The best pizza I've made yet is on my Webber 22 inch kettle, with a solid bed of charcoals.  The secret to this is cooking with the lid on, with all vents fully open.  I used a cast iron pan to hold the pizza, with a little oil put in the pan before the crust.  It was a truly great pizza, with a thick, bread crust, lots of sauce and toppings, and that great fire/smoke cooked flavor.  The crust was cooked all the way through.  

Just make sure the charcoal is as hot as it will get, and two layers thick.

Don't purchase gimmicks.  Learn to build the fire properly to get the results you want from your kettle.

Seeeeeeeeya; Chief Longwind of the North


----------



## CraigC

Thank you for your insight but we've been making pizza for years on the grill successfully using hardwood lump charcoal and hickory/oak and a thin crust pre-cooked on the grill, then topped, then finished back on the grill over indirect heat. We also smoke various cuts of meats so I'm well versed in making a fire and controlling it to get the temps I want. 
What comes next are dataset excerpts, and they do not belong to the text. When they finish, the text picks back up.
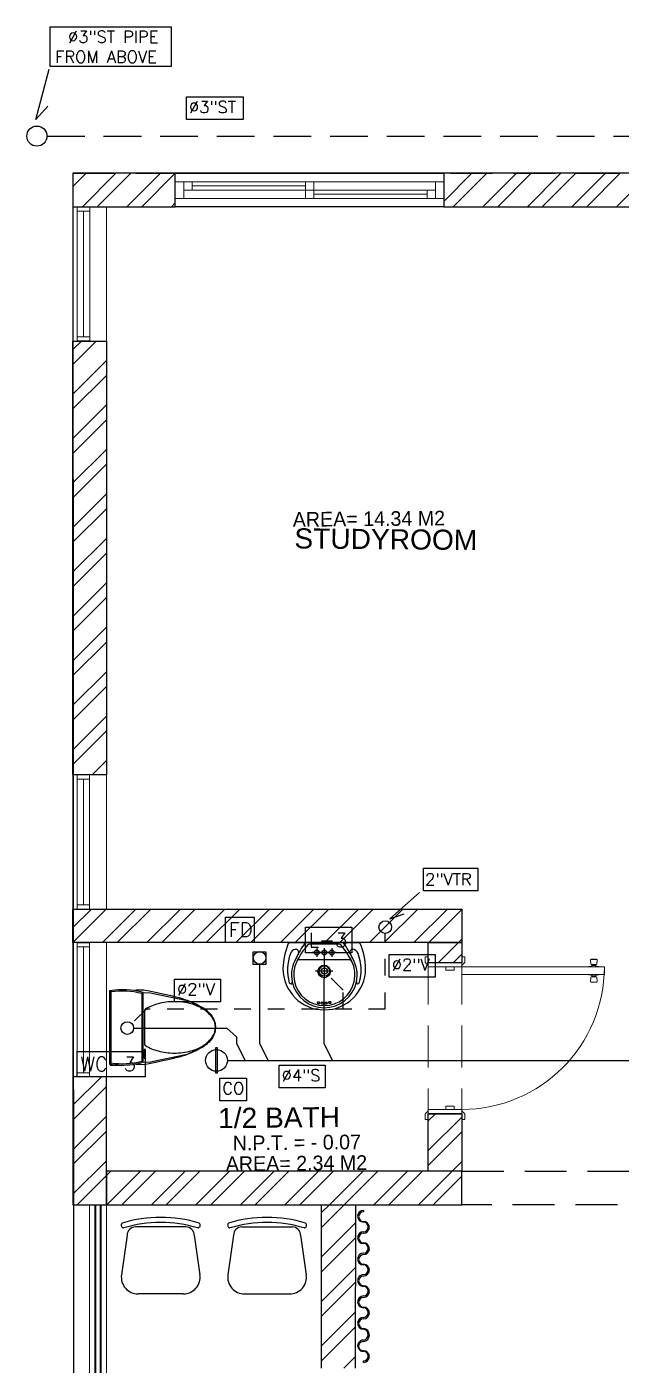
# Model space of a CAD drawing. Header units: millimetres. Extents: x 1591 to 1638, y 1324 to 1492.
# Drawn here: x 1620.16 to 1623.7, y 1413.37 to 1421.35 of the extents above; entities that cross this region are included whole.
import ezdxf

# ---------------------------------------------------------------- set-up
doc = ezdxf.new("R2010")
doc.units = ezdxf.units.MM
doc.linetypes.add('HIDDEN', pattern=[0.375, 0.25, -0.125])
doc.linetypes.add('PLANTAS$0$HIDDEN', pattern=[0.375, 0.25, -0.125])
for name, color, linetype, lineweight in [('BARANDA', 2, 'Continuous', 35), ('JAMBA', 1, 'HIDDEN', 15), ('muro bajo', 123, 'Continuous', 9), ('PUERTAS', 3, 'Continuous', 20), ('Ventanas', 3, 'Continuous', 13)]:
    doc.layers.add(name, color=color, linetype=linetype, lineweight=lineweight)
doc.layers.add('Ha-Muros 0.20', color=7, linetype='Continuous', true_color=0x8c8c8c)
for name, color, linetype in [('Li-Proyecciones', 40, 'HIDDEN'), ('Mu-0.20', 5, 'Continuous'), ('Mu-Alfeizar', 141, 'Continuous'), ('Plump', 7, 'Continuous'), ('TEXTS', 1, 'Continuous'), ('Tx-Espacio', 7, 'Continuous')]:
    doc.layers.add(name, color=color, linetype=linetype)
doc.styles.add('CHICO', font='stylu.ttf')
doc.styles.add('GORDITA', font='swissek.ttf')
doc.styles.add('TEXTS', font='romans9.shx')

# ---------------------------------------------------------------- blocks, each defined once
blk = doc.blocks.new('A$Cec5ab6e8')
at = {"color": 9, "true_color": 0xc7c8ca}
for p, q in [((18.7426, 15.5901), (18.3294, 15.5901)), ((18.6229, 15.5813), (18.4491, 15.5813)), ((18.6052, 15.59), (18.5173, 15.59)), ((18.6841, 15.489), (18.388, 15.489)), ((18.6077, 15.532), (18.4645, 15.532)), ((18.4925, 15.5321), (18.4909, 15.5321)), ((18.4917, 15.5586), (18.4917, 15.5055)), ((18.4917, 15.5313), (18.4917, 15.5329)), ((18.5371, 15.5321), (18.5355, 15.5321)), ((18.5363, 15.5574), (18.5363, 15.3745)), ((18.5363, 15.5313), (18.5363, 15.5329)), ((18.5812, 15.5321), (18.5797, 15.5321)), ((18.5804, 15.5313), (18.5804, 15.5329)), ((18.5805, 15.5585), (18.5805, 15.5054)), ((18.7031, 15.5514), (18.7059, 15.5514)), ((18.5878, 15.4216), (18.4829, 15.4216)), ((18.5371, 15.4216), (18.5355, 15.4216)), ((18.5363, 15.4208), (18.5363, 15.4224)), ((17.3067, 15.31), (17.2569, 15.3044)), ((17.2653, 15.2973), (17.2569, 15.3044)), ((17.2569, 15.3044), (17.2569, 14.8667)), ((17.2653, 14.8738), (17.2653, 15.2973)), ((17.3583, 15.31), (17.3067, 15.31)), ((17.4072, 15.3046), (17.3583, 15.31)), ((17.4577, 15.2933), (17.4072, 15.3046)), ((17.4147, 15.3032), (17.416, 15.3095)), ((17.416, 15.3095), (17.46, 15.3097)), ((17.4577, 15.2933), (17.4493, 15.2869)), ((17.4493, 15.2869), (17.4493, 14.8842)), ((17.4577, 15.2933), (17.4996, 15.2906)), ((17.4577, 14.8778), (17.4577, 15.2933)), ((17.46, 15.3097), (17.5031, 15.3007)), ((17.4996, 15.2906), (17.5179, 15.2874)), ((17.5031, 15.3007), (17.5411, 15.2927)), ((17.5179, 15.2874), (17.7084, 15.2475)), ((17.5411, 15.2927), (17.5744, 15.2856)), ((17.5744, 15.2856), (17.6035, 15.2792)), ((17.6035, 15.2792), (17.6289, 15.2734)), ((17.6289, 15.2734), (17.6513, 15.2679)), ((17.6513, 15.2679), (17.6711, 15.2628)), ((17.6711, 15.2628), (17.6889, 15.2577)), ((17.6889, 15.2577), (17.6889, 15.2577)), ((17.6889, 15.2577), (17.705, 15.2526)), ((17.705, 15.2526), (17.7198, 15.2475)), ((17.4669, 14.9797), (17.4669, 15.1914)), ((17.7198, 15.2475), (17.7332, 15.2424)), ((17.7332, 15.2424), (17.7454, 15.2373)), ((17.7454, 15.2373), (17.7565, 15.2324)), ((17.75, 15.2311), (17.7828, 15.2114)), ((17.7565, 15.2324), (17.7666, 15.2276)), ((17.7666, 15.2276), (17.7758, 15.223)), ((17.7758, 15.223), (17.7842, 15.2186)), ((17.7842, 15.2186), (17.7842, 15.2186)), ((17.7842, 15.2186), (17.7919, 15.2145)), ((17.7919, 15.2145), (17.7989, 15.2106)), ((17.7989, 15.2106), (17.8055, 15.2068)), ((17.8055, 15.2068), (17.8116, 15.2031)), ((17.8116, 15.2031), (17.8174, 15.1994)), ((17.8174, 15.1994), (17.8229, 15.1955)), ((17.8229, 15.1955), (17.8283, 15.1916)), ((17.8283, 15.1916), (17.8336, 15.1873)), ((17.8336, 15.1873), (17.8336, 15.1873)), ((17.8336, 15.1873), (17.8389, 15.1828)), ((17.8389, 15.1828), (17.8442, 15.178)), ((17.8442, 15.178), (17.8494, 15.1729)), ((17.8494, 15.1729), (17.8545, 15.1675)), ((17.8545, 15.1675), (17.8593, 15.1619)), ((17.8593, 15.1619), (17.864, 15.1559)), ((17.864, 15.1559), (17.8682, 15.1497)), ((17.8682, 15.1497), (17.8722, 15.1433)), ((17.8722, 15.1433), (17.8722, 15.1433)), ((17.8722, 15.1433), (17.8757, 15.1366)), ((17.8757, 15.1366), (17.8787, 15.1297)), ((17.8787, 15.1297), (17.8813, 15.1226)), ((17.8813, 15.1226), (17.8835, 15.1154)), ((17.8835, 15.1154), (17.8852, 15.108)), ((17.8852, 15.108), (17.8864, 15.1006)), ((17.8864, 15.1006), (17.8871, 15.0931)), ((17.8871, 15.0931), (17.8873, 15.0855)), ((17.864, 15.0152), (17.8594, 15.0092)), ((17.8682, 15.0214), (17.864, 15.0152)), ((17.8722, 15.0278), (17.8682, 15.0214)), ((17.8757, 15.0345), (17.8722, 15.0278)), ((17.8722, 15.0278), (17.8722, 15.0278)), ((17.8787, 15.0414), (17.8757, 15.0345)), ((17.8813, 15.0485), (17.8787, 15.0414)), ((17.8835, 15.0557), (17.8813, 15.0485)), ((17.8852, 15.063), (17.8835, 15.0557)), ((17.8864, 15.0705), (17.8852, 15.063)), ((17.8871, 15.078), (17.8864, 15.0705)), ((17.8873, 15.0855), (17.8871, 15.078)), ((17.8873, 15.0855), (17.8873, 15.0855)), ((17.4717, 14.9526), (17.4623, 14.9526)), ((17.4623, 14.9526), (17.4623, 14.9024)), ((17.4717, 14.9024), (17.4717, 14.9526)), ((17.7454, 14.9338), (17.7332, 14.9287)), ((17.7565, 14.9387), (17.7454, 14.9338)), ((17.75, 14.9399), (17.7828, 14.9597)), ((17.7666, 14.9435), (17.7565, 14.9387)), ((17.7758, 14.9481), (17.7666, 14.9435)), ((17.7842, 14.9525), (17.7758, 14.9481)), ((17.7919, 14.9566), (17.7842, 14.9525)), ((17.7842, 14.9525), (17.7842, 14.9525)), ((17.7989, 14.9605), (17.7919, 14.9566)), ((17.8055, 14.9643), (17.7989, 14.9605)), ((17.8116, 14.968), (17.8055, 14.9643)), ((17.8174, 14.9717), (17.8116, 14.968)), ((17.8229, 14.9755), (17.8174, 14.9717)), ((17.8283, 14.9795), (17.8229, 14.9755)), ((17.8336, 14.9837), (17.8283, 14.9795)), ((17.8389, 14.9883), (17.8336, 14.9837)), ((17.8336, 14.9837), (17.8336, 14.9837)), ((17.8442, 14.9931), (17.8389, 14.9883)), ((17.8494, 14.9982), (17.8442, 14.9931)), ((17.8545, 15.0036), (17.8494, 14.9982)), ((17.8594, 15.0092), (17.8545, 15.0036)), ((17.2569, 14.8667), (17.2653, 14.8738)), ((17.4147, 14.8678), (17.4155, 14.8641)), ((17.46, 14.8613), (17.4155, 14.8641)), ((17.4493, 14.8842), (17.4577, 14.8778)), ((17.4577, 14.8778), (17.4997, 14.8805)), ((17.5031, 14.8704), (17.46, 14.8613)), ((17.4623, 14.9024), (17.4717, 14.9024)), ((17.4997, 14.8805), (17.5179, 14.8837)), ((17.5411, 14.8784), (17.5031, 14.8704)), ((17.5179, 14.8837), (17.7084, 14.9236)), ((17.5744, 14.8855), (17.5411, 14.8784)), ((17.6035, 14.8919), (17.5744, 14.8855)), ((17.629, 14.8977), (17.6035, 14.8919)), ((17.6513, 14.9031), (17.629, 14.8977)), ((17.6711, 14.9083), (17.6513, 14.9031)), ((17.6889, 14.9134), (17.6711, 14.9083)), ((17.705, 14.9185), (17.6889, 14.9134)), ((17.6889, 14.9134), (17.6889, 14.9134)), ((17.7198, 14.9236), (17.705, 14.9185)), ((17.7332, 14.9287), (17.7198, 14.9236)), ((18.7696, 13.9939), (18.7696, 13.9852)), ((17.7112, 13.8951), (17.4112, 13.8951)), ((18.0451, 13.8951), (18.3451, 13.8951)), ((17.3612, 13.8451), (17.3275, 13.6092)), ((17.7612, 13.8451), (17.7949, 13.6092)), ((17.9951, 13.8451), (17.9614, 13.6092)), ((18.3951, 13.8451), (18.4288, 13.6092)), ((17.6959, 13.4951), (17.4265, 13.4951)), ((18.0604, 13.4951), (18.3298, 13.4951)), ((18.7696, 13.0869), (18.7696, 13.0956))]:
    blk.add_line(p, q, dxfattribs=at)
for centre, radius in [((18.4917, 15.5321), 0.0145), ((18.5363, 15.5321), 0.0145), ((18.5804, 15.5321), 0.0145), ((18.5363, 15.4216), 0.0308), ((18.5363, 15.4216), 0.0176)]:
    blk.add_circle(centre, radius, dxfattribs=at)
for centre, radius, start, end in [((18.6822, 15.4304), 0.3925, 156.83181, 179.15262), ((18.3294, 15.5813), 0.0088, 90, 156.83181), ((19.0719, 15.1442), 0.7885, 145.56533, 153.54773), ((18.7549, 15.2948), 0.4248, 138.67382, 154.29087), ((18.4491, 15.5637), 0.0176, 90, 138.67382), ((18.6229, 15.5637), 0.0176, 41.32618, 90), ((18.3172, 15.2948), 0.4248, 25.70913, 41.32618), ((18.0002, 15.1442), 0.7885, 26.45227, 34.43467), ((18.7426, 15.5813), 0.0088, 23.16819, 90), ((18.3899, 15.4304), 0.3925, 0.84738, 23.16819), ((18.5833, 15.4274), 0.2669, 158.43826, 196.59462), ((18.369, 15.5162), 0.0352, 99.69888, 164.66863), ((18.536, 15.3987), 0.1957, 150.36803, 192.41908), ((18.366, 15.5336), 0.0176, 331.11998, 99.69888), ((19.0719, 15.1442), 0.7885, 151.11998, 153.54773), ((18.388, 15.4714), 0.0176, 90, 153.86427), ((18.6841, 15.4714), 0.0176, 26.13573, 90), ((18.7059, 15.5338), 0.0176, 90, 208.90043), ((18.0002, 15.1442), 0.7885, 26.45227, 28.90043), ((18.7031, 15.5162), 0.0352, 15.33137, 90), ((18.536, 15.3987), 0.1957, 347.58092, 29.63197), ((18.5074, 15.4282), 0.2494, 342.00697, 22.96015), ((18.536, 15.4362), 0.2463, 180, 0), ((18.536, 15.3987), 0.1825, 153.86427, 26.13573), ((18.3359, 15.3547), 0.00915, 202.1651, 12.41908), ((18.536, 15.3984), 0.1957, 192.3291, 347.6709), ((18.7361, 15.3547), 0.00915, 167.58092, 337.8349), ((17.3324, 14.8513), 0.451, 74.98116, 98.56449), ((17.5674, 15.0398), 0.1819, 122.12032, 123.53689), ((17.6131, 14.9669), 0.268, 104.57696, 122.12027), ((17.6431, 14.8514), 0.3872, 90.00131, 104.57693), ((17.6431, 14.8514), 0.3872, 75.42566, 90.00128), ((17.6809, 15.1165), 0.1338, 58.92944, 78.17123), ((17.6731, 14.9669), 0.268, 57.88231, 75.42562), ((17.7189, 15.0398), 0.1819, 33.41916, 57.88234), ((18.4955, 15.2321), 0.00253, 142.20801, 180), ((18.4955, 15.2321), 0.00253, 180, 217.79199), ((18.4983, 15.2299), 0.00609, 118.10913, 142.20801), ((18.4983, 15.2343), 0.00609, 217.79199, 241.89087), ((18.5002, 15.2264), 0.0101, 102.47595, 118.10913), ((18.5002, 15.2378), 0.0101, 241.89087, 257.52405), ((18.5014, 15.2208), 0.0158, 90, 102.47595), ((18.5014, 15.2433), 0.0158, 257.52405, 270), ((18.5014, 15.2208), 0.0158, 77.52405, 90), ((18.5014, 15.2433), 0.0158, 270, 282.47595), ((18.5026, 15.2264), 0.0101, 61.89087, 77.52405), ((18.5026, 15.2378), 0.0101, 282.47595, 298.10913), ((18.5045, 15.2299), 0.00609, 37.79199, 61.89087), ((18.5045, 15.2343), 0.00609, 298.10913, 322.20801), ((18.5073, 15.2321), 0.00253, 360, 37.79199), ((18.5073, 15.2321), 0.00253, 322.20801, 0), ((18.5185, 15.2302), 0.00253, 142.20801, 180), ((18.5185, 15.2302), 0.00253, 180, 217.79199), ((18.5213, 15.228), 0.00609, 118.10913, 142.20801), ((18.5213, 15.2323), 0.00609, 217.79199, 241.89087), ((18.5232, 15.2245), 0.0101, 102.47595, 118.10913), ((18.5232, 15.2358), 0.0101, 241.89087, 257.52405), ((18.5244, 15.2189), 0.0158, 90, 102.47595), ((18.5244, 15.2414), 0.0158, 257.52405, 270), ((18.5244, 15.2189), 0.0158, 77.52405, 90), ((18.5244, 15.2414), 0.0158, 270, 282.47595), ((18.5257, 15.2245), 0.0101, 61.89087, 77.52405), ((18.5257, 15.2358), 0.0101, 282.47595, 298.10913), ((18.5275, 15.228), 0.00609, 37.79199, 61.89087), ((18.5275, 15.2323), 0.00609, 298.10913, 322.20801), ((18.5303, 15.2302), 0.00253, 0, 37.79199), ((18.5303, 15.2302), 0.00253, 322.20801, 360), ((18.5411, 15.2302), 0.00253, 142.20801, 180), ((18.5411, 15.2302), 0.00253, 180, 217.79199), ((18.5439, 15.228), 0.00609, 118.10913, 142.20801), ((18.5439, 15.2323), 0.00609, 217.79199, 241.89087), ((18.5457, 15.2245), 0.0101, 102.47595, 118.10913), ((18.5457, 15.2358), 0.0101, 241.89087, 257.52405), ((18.547, 15.2189), 0.0158, 90, 102.47595), ((18.547, 15.2414), 0.0158, 257.52405, 270), ((18.547, 15.2189), 0.0158, 77.52405, 90), ((18.547, 15.2414), 0.0158, 270, 282.47595), ((18.5482, 15.2245), 0.0101, 61.89087, 77.52405), ((18.5482, 15.2358), 0.0101, 282.47595, 298.10913), ((18.5501, 15.228), 0.00609, 37.79199, 61.89087), ((18.5501, 15.2323), 0.00609, 298.10913, 322.20801), ((18.5529, 15.2302), 0.00253, 0, 37.79199), ((18.5529, 15.2302), 0.00253, 322.20801, 360), ((18.5629, 15.234), 0.00253, 142.20801, 180), ((18.5629, 15.234), 0.00253, 180, 217.79199), ((18.5657, 15.2319), 0.00609, 118.10913, 142.20801), ((18.5657, 15.2362), 0.00609, 217.79199, 241.89087), ((18.5676, 15.2283), 0.0101, 102.47595, 118.10913), ((18.5676, 15.2397), 0.0101, 241.89087, 257.52405), ((18.5688, 15.2228), 0.0158, 90, 102.47595), ((18.5688, 15.2453), 0.0158, 257.52405, 270), ((18.5688, 15.2228), 0.0158, 77.52405, 90), ((18.5688, 15.2453), 0.0158, 270, 282.47595), ((18.5701, 15.2283), 0.0101, 61.89087, 77.52405), ((18.5701, 15.2397), 0.0101, 282.47595, 298.10913), ((18.5719, 15.2319), 0.00609, 37.79199, 61.89087), ((18.5719, 15.2362), 0.00609, 298.10913, 322.20801), ((18.5747, 15.234), 0.00253, 360, 37.79199), ((18.5747, 15.234), 0.00253, 322.20801, 0), ((17.7883, 15.0855), 0.0988, 0.00135, 33.41917), ((17.7189, 15.1313), 0.1819, 302.12024, 326.58342), ((17.7883, 15.0855), 0.0988, 326.58342, 0.00124), ((17.5674, 15.1313), 0.1819, 236.4657, 237.88227), ((17.6131, 15.2042), 0.268, 237.88232, 255.42563), ((17.6431, 15.3196), 0.3872, 255.42565, 270.00126), ((17.6431, 15.3196), 0.3872, 270.00133, 284.57694), ((17.6809, 15.0546), 0.1338, 281.83136, 301.07315), ((17.6731, 15.2042), 0.268, 284.57697, 302.12028), ((17.3324, 15.3197), 0.4593, 260.53897, 277.74124), ((17.3324, 15.3197), 0.451, 261.4381, 285.02143), ((17.3324, 15.3197), 0.4593, 277.74124, 285.82328), ((18.7696, 13.9589), 0.0351, 90, 270), ((18.7696, 13.9565), 0.0288, 90, 270), ((17.343, 13.9055), 0.0169, 134.39284, 260.06511), ((17.5612, 13.1758), 0.7765, 72.77108, 107.22898), ((17.5612, 13.1758), 0.7465, 72.77108, 107.22898), ((17.4112, 13.8451), 0.05, 90.00003, 180.00003), ((17.7112, 13.8451), 0.05, 0.00003, 90.00003), ((17.7794, 13.9055), 0.0169, 279.93494, 45.60721), ((17.9769, 13.9055), 0.0169, 134.39279, 260.06506), ((18.1951, 13.1758), 0.7765, 72.77102, 107.22892), ((18.1951, 13.1758), 0.7465, 72.77102, 107.22892), ((18.0451, 13.8451), 0.05, 89.99997, 179.99997), ((18.3451, 13.8451), 0.05, 359.99997, 89.99997), ((18.4133, 13.9055), 0.0169, 279.93489, 45.60716), ((18.7696, 13.8926), 0.0351, 270, 90), ((18.7696, 13.895), 0.0288, 270, 90), ((18.7696, 13.8312), 0.0351, 90, 270), ((18.7696, 13.8288), 0.0288, 90, 270), ((18.7696, 13.7035), 0.0351, 90, 270), ((18.7696, 13.765), 0.0351, 270, 90), ((18.7696, 13.7673), 0.0288, 270, 90), ((18.7696, 13.7011), 0.0288, 90, 270), ((18.7696, 13.6373), 0.0351, 270, 90), ((18.7696, 13.6397), 0.0288, 270, 90), ((17.4265, 13.5951), 0.1, 171.86992, 270.00003), ((17.6959, 13.5951), 0.1, 270.00003, 8.13013), ((18.0604, 13.5951), 0.1, 171.86987, 269.99997), ((18.3298, 13.5951), 0.1, 269.99997, 8.13008), ((18.7696, 13.5758), 0.0351, 90, 270), ((18.7696, 13.5735), 0.0288, 90, 270), ((18.7696, 13.5096), 0.0351, 270, 90), ((18.7696, 13.512), 0.0288, 270, 90), ((18.7696, 13.4482), 0.0351, 90, 270), ((18.7696, 13.4458), 0.0288, 90, 270), ((18.7696, 13.382), 0.0351, 270, 90), ((18.7696, 13.3844), 0.0288, 270, 90), ((18.7696, 13.3205), 0.0351, 90, 270), ((18.7696, 13.3181), 0.0288, 90, 270), ((18.7652, 13.2502), 0.0395, 276.39429, 83.60571), ((18.7651, 13.2525), 0.0332, 277.70295, 82.29705), ((18.7678, 13.1864), 0.0333, 86.97345, 273.02655), ((18.7678, 13.184), 0.027, 86.28635, 273.71366), ((18.7696, 13.1219), 0.0351, 270, 90), ((18.7696, 13.1243), 0.0288, 270, 90)]:
    blk.add_arc(centre, radius, start, end, dxfattribs=at)
at = {"layer": 'BARANDA', "color": 9, "true_color": 0xc7c8ca}
for p, q in [((17.1721, 9.0795), (17.1721, 14.0275)), ((17.2047, 9.0795), (17.2047, 14.0275))]:
    blk.add_line(p, q, dxfattribs=at)
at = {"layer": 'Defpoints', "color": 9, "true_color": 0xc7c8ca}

Personally, unless I'm making a take-off of Pizza Hut's old Priazzos, not very fond of a thick bread crust.  Much prefer a thin as possible, crispy crust with just enough toppings. 

Reason I bought this is trying to get even more of a wood-fired oven thing going on with even hotter temps (i.e. quicker cooking times) and trying to avoid having to pre-cook the crusts, which this accessory supposedly does. On further investigation, I've also found you can do a double-stack method of cooking on the top part of the grill after you get your initial pizzas going. Looking forward to some wood-fired oven cooked bread now too.


----------



## Chief Longwind Of The North

CraigC said:


> Thank you for your insight but we've been making pizza for years on the grill successfully using hardwood lump charcoal and hickory/oak and a thin crust pre-cooked on the grill, then topped, then finished back on the grill over indirect heat. We also smoke various cuts of meats so I'm well versed in making a fire and controlling it to get the temps I want.
> 
> Personally, unless I'm making a take-off of Pizza Hut's old Priazzos, not very fond of a thick bread crust. Much prefer a thin as possible, crispy crust with just enough toppings.
> 
> Reason I bought this is trying to get even more of a wood-fired oven thing going on with even hotter temps (i.e. quicker cooking times) and trying to avoid having to pre-cook the crusts, which this accessory supposedly does. On further investigation, I've also found you can do a double-stack method of cooking on the top part of the grill after you get your initial pizzas going. Looking forward to some wood-fired oven cooked bread now too.


 
Sorry if I seemed condecending.  I didn't know your experience level with the Webber Kettle, or if you knew that there were different methods for building a fire in the Webber.  From your post, you are well experienced.  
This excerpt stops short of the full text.